/---

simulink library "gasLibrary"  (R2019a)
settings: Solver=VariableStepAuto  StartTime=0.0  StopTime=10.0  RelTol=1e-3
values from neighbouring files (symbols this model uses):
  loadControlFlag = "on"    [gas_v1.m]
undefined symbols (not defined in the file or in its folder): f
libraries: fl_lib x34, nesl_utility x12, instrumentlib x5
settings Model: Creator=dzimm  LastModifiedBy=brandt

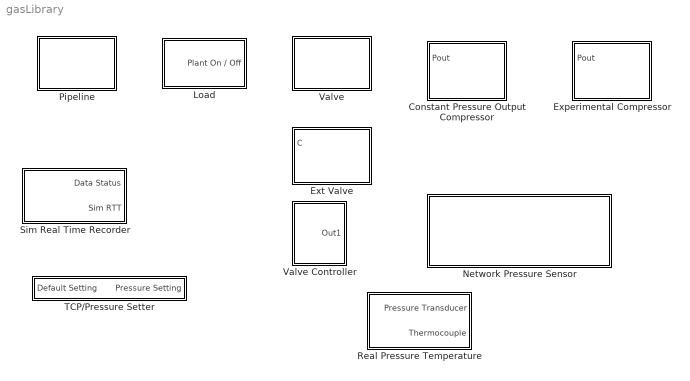
== system gasLibrary ==
  Constant Pressure Output Compressor : Subsystem  mask{xferNum=1, xferDen=[1800 1], delaySeconds=1, efficiency=0.3}
      mask prompts: xferNum "Plant Transfer Function Numerator (vector)"; xferDen "Plant Transfer Function Denominator (vector)"; delaySeconds "Response Delay (s)"; efficiency "Full Efficiency (-)"
  Experimental Compressor : Subsystem  AncestorBlock=gasLibrary/Constant Pressure Output Compressor  mask{xferNum=1, xferDen=[1800 1], delaySeconds=1, efficiency=0.3}
      mask prompts: xferNum "Plant Transfer Function Numerator (vector)"; xferDen "Plant Transfer Function Denominator (vector)"; delaySeconds "Response Delay (s)"; efficiency "Full Efficiency (-)"
  Ext Valve : Subsystem  AncestorBlock=gasLibrary/Valve  mask{valveRow=[], valveState="on"}
      mask prompts: valveRow "Valve Control (table row)"; valveState "Valve Simulation Control ('on' 'off' 'initial')"
      mask init:
      | if(isempty(valveRow)||isnumeric(valveRow))
      |     valveName="Valve";
      |     valveTime=[0 1e6]';
      |     valveSetting=[0 0]';
      |     D=20;           % size of the valve
      |     Dmax=D-1;       % maximum port opening
      |     textColor='red';
      | else
      |     valveName=valveRow.Name;
      |     t=valveRow.Time{1};
      |     g=valveRow.State{1};
      |     D=valveRow.PortDiameter;
      |     Dmax=valveRow.MaxValveDiameter;
      |     switch(lower(valveState))
      |         case "on"
      |             valveTime=t(:);
      |             valveSetting=g(:);
      |             textColor='green';
      |         case "off"
      |             valveTime=[0 1e6]';
      |             valveSetting=[1 1]';
      |             textColor='red';
      |         case "initial"
      |             valveTime=[0 1e6 ]';   % ramp gas on over one day
      |             valveSetting=[g(1)    g(1)]';     % gas ends at initial value
      |             textColor='blue';
      |         otherwise
      |             fprintf("Cannot initialize\n");
      |             textColor='green';
      |     end
      | end
      mask Display:
      | set_param(gcb,'Name',valveName);
      | color(textColor);
      | if(valveState=="off")
      |     vLabel="bypass";
      | else
      |     vLabel="active";
      | end
      | text(0.1,0.8,sprintf("%s (%1d in)",vLabel,D))
      | plot([0.2 0.9],[0.3 0.3]);
      | plot([0.2 0.2],[0.1 0.6]);
      | plot(valveTime/max(valveTime)*0.65+0.2,double(valveSetting)*0.4+0.15);
  Load : Subsystem  mask{loadRow=0, loadState=loadControlFlag}
      mask prompts: loadRow "Load Parameters (table row)"; loadState "Load Simulation Control ('on','off','initial')"
      mask init:
      | if(isempty(loadRow)||isnumeric(loadRow))
      |     loadName="Load";
      |     gasTime=[0 1e6]';
      |     gasLoad=[0 0]';
      |     textColor='red';
      |     pNominal=300;
      |     pCutoff=150;
      | else
      |     loadName=loadRow.Name;
      |     t=loadRow.Time{1};
      |     g=loadRow.Load{1};
      |     pNominal=loadRow.NominalPressure;
      |     pCutoff=loadRow.PressureCutoff;
      |     switch(lower(loadState))
      |         case "on"
      |             gasTime=t(:);
      |             gasLoad=g(:);
      |             textColor='green';
      |         case "off"
      |             gasTime=[0 1e6]';
      |             gasLoad=[0 0]';
      |             textColor='red';
      |         case "initial"
      |             gasTime=[0 24*3600 1e6 ]';   % ramp gas on over one day
      |             gasLoad=[0 g(1)    g(1)]';     % gas ends at initial value
      |             textColor='blue';
      |         otherwise
      |             fprintf("Cannot initialize\n");
      |             textColor='green';
      |     end
      | end
      mask Display:
      | tMax=max([gasTime(end)]);
      | set_param(gcb,'Name',loadName);
      | color(textColor);
      | text(0.1,0.8,sprintf("%s / %2.1f kg/s",loadState,max(gasLoad)))
      | plot([0.2 0.8],[0.1 0.1]);
      | plot([0.2 0.2],[0.1 0.6]);
      | plot(gasTime/tMax*0.6+0.2,gasLoad/max(gasLoad)*0.5+0.1);
  "Network Pressure Sensor " : Subsystem
  Pipeline : Subsystem  mask{pipeRow=[]}
      mask prompts: pipeRow "Pipeilne Configuration (table row)"
      mask init:
      | if(isempty(pipeRow))
      |     pipeName="Pipeline";
      |     D=24;
      |     L=50;
      |     Pstart=300;
      | else
      |     pipeName=pipeRow.Name;
      |     D=pipeRow.DiameterInch;
      |     L=pipeRow.LengthMiles;
      |     Pstart=pipeRow.StartPressurePSI;
      | end
      mask Display:
      | fprintf('%1d"\n%1d miles\n%1d psi',D,L,Pstart)
      | set_param(gcb,'Name',pipeName)
  Real Pressure Temperature : Subsystem  AncestorBlock=gasLibrary/Physical to Real Pressure Temperature
  Sim Real Time Recorder : Subsystem
  TCP/Pressure Setter : Subsystem
  Valve : Subsystem  mask{valveRow=[], valveState="on"}
      mask prompts: valveRow "Valve Control (table row)"; valveState "Valve Simulation Control ('on' 'off' 'initial')"
      mask init: same as gasLibrary/Ext Valve
      mask Display:
      | set_param(gcb,'Name',valveName);
      | color(textColor);
      | if(valveState=="off")
      |     vLabel="bypass";
      | else
      |     vLabel="active";
      | end
      | text(0.1,0.8,sprintf("%s (%1d in)",vLabel,D))
      | plot([0.2 0.9],[0.3 0.3]);
      | plot([0.2 0.2],[0.1 0.6]);
      | plot(valveTime/max(valveTime)*0.65+0.2,double(valveSetting)*0.4+0.15);
  Valve Controller : Subsystem

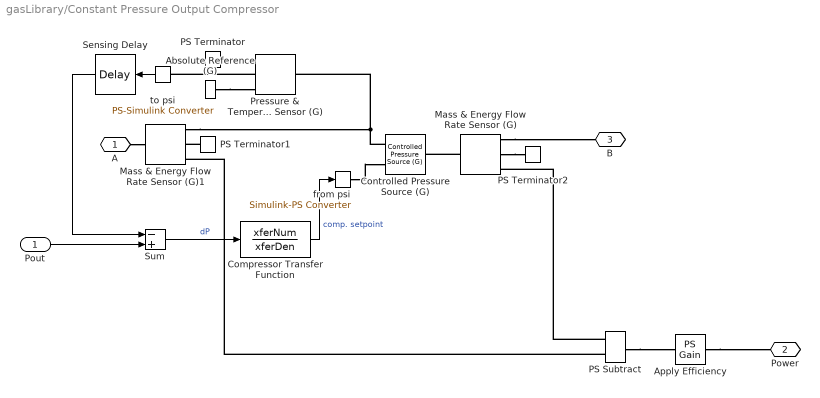
== system gasLibrary/Constant Pressure Output Compressor ==
  Pout : Inport
  Absolute Reference (G) : fl_lib/Gas/Elements/Absolute Reference (G)
      settings: SourceProductName=Simscape  SourceProductBaseCode=SS
  Apply Efficiency : fl_lib/Physical Signals/Functions/PS Gain  gain=1/efficiency
  Compressor Transfer Function : TransferFcn  Numerator=xferNum  Denominator=xferDen
  Controlled Pressure Source (G) : fl_lib/Gas/Sources/Controlled Pressure Source (G)  power_spec=1  area_A=24^2*pi/4 in^2  area_B=24^2*pi/4 in^2  mdot_A_specify=off  mdot_A_priority=None  mdot_A=1e-6 kg/s  mdot_A_nominal_specify=off  mdot_A_nominal_unit=kg/s  mdot_A_nominal_value=1
      settings: SourceProductName=Simscape  SourceProductBaseCode=SS
  Mass & Energy Flow Rate Sensor (G) : fl_lib/Gas/Sensors/Mass & Energy Flow Rate Sensor (G)
      settings: SourceProductName=Simscape  SourceProductBaseCode=SS
  Mass & Energy Flow Rate Sensor (G)1 : fl_lib/Gas/Sensors/Mass & Energy Flow Rate Sensor (G)
      settings: SourceProductName=Simscape  SourceProductBaseCode=SS
  PS Subtract : fl_lib/Physical Signals/Functions/PS Subtract
      settings: SourceProductName=Simscape
  PS Terminator : fl_lib/Physical Signals/Sinks/PS Terminator
      settings: SourceProductName=Simscape
  PS Terminator1 : fl_lib/Physical Signals/Sinks/PS Terminator
      settings: SourceProductName=Simscape
  PS Terminator2 : fl_lib/Physical Signals/Sinks/PS Terminator
      settings: SourceProductName=Simscape
  Pressure & Temperature Sensor (G) : fl_lib/Gas/Sensors/Pressure & Temperature Sensor (G)
      settings: SourceProductName=Simscape  SourceProductBaseCode=SS
  Sensing Delay : TransportDelay  DelayTime=delaySeconds  TransDelayFeedthrough=on
  Sum : Sum  Inputs=-+
  from psi : nesl_utility/Simulink-PS Converter  PhysicalDomain=network_engine_domain  SubClassName=ps_input  LeftPortType=input  RightPortType=output  PseudoPeriodic=off  Frequencies=[]  NoiseDistribution=none  NoiseParameters=[]  Unit=psi  AffineConversion=off  FilteringAndDerivatives=provide  SimscapeFilterOrder=1  InputFilterTimeConstant=0.001  UdotUserProvided=0
  to psi : nesl_utility/PS-Simulink Converter  PhysicalDomain=network_engine_domain  SubClassName=ps_output  LeftPortType=input  RightPortType=output  PseudoPeriodic=off  Frequencies=[]  Unit=psi  AffineConversion=off
  A : PMIOPort  Side=Left
  Power : PMIOPort  Port=2  Side=Right
  B : PMIOPort  Port=3  Side=Right
  wires:
  Pout/1 -> Sum/2
  Sum/1 -> Compressor Transfer Function/1  "dP"
  Compressor Transfer Function/1 -> from psi/1  "comp. setpoint"
  Sensing Delay/1 -> Sum/1
  to psi/1 -> Sensing Delay/1
  connections:
  Absolute Reference (G)/LConn1 -- Pressure & Temperature Sensor (G)/RConn1
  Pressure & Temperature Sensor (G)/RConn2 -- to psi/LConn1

\---

Task prompt: Tally the lines in the listing that contain the string "lower", then report that tally alone.

Exercise answer: 2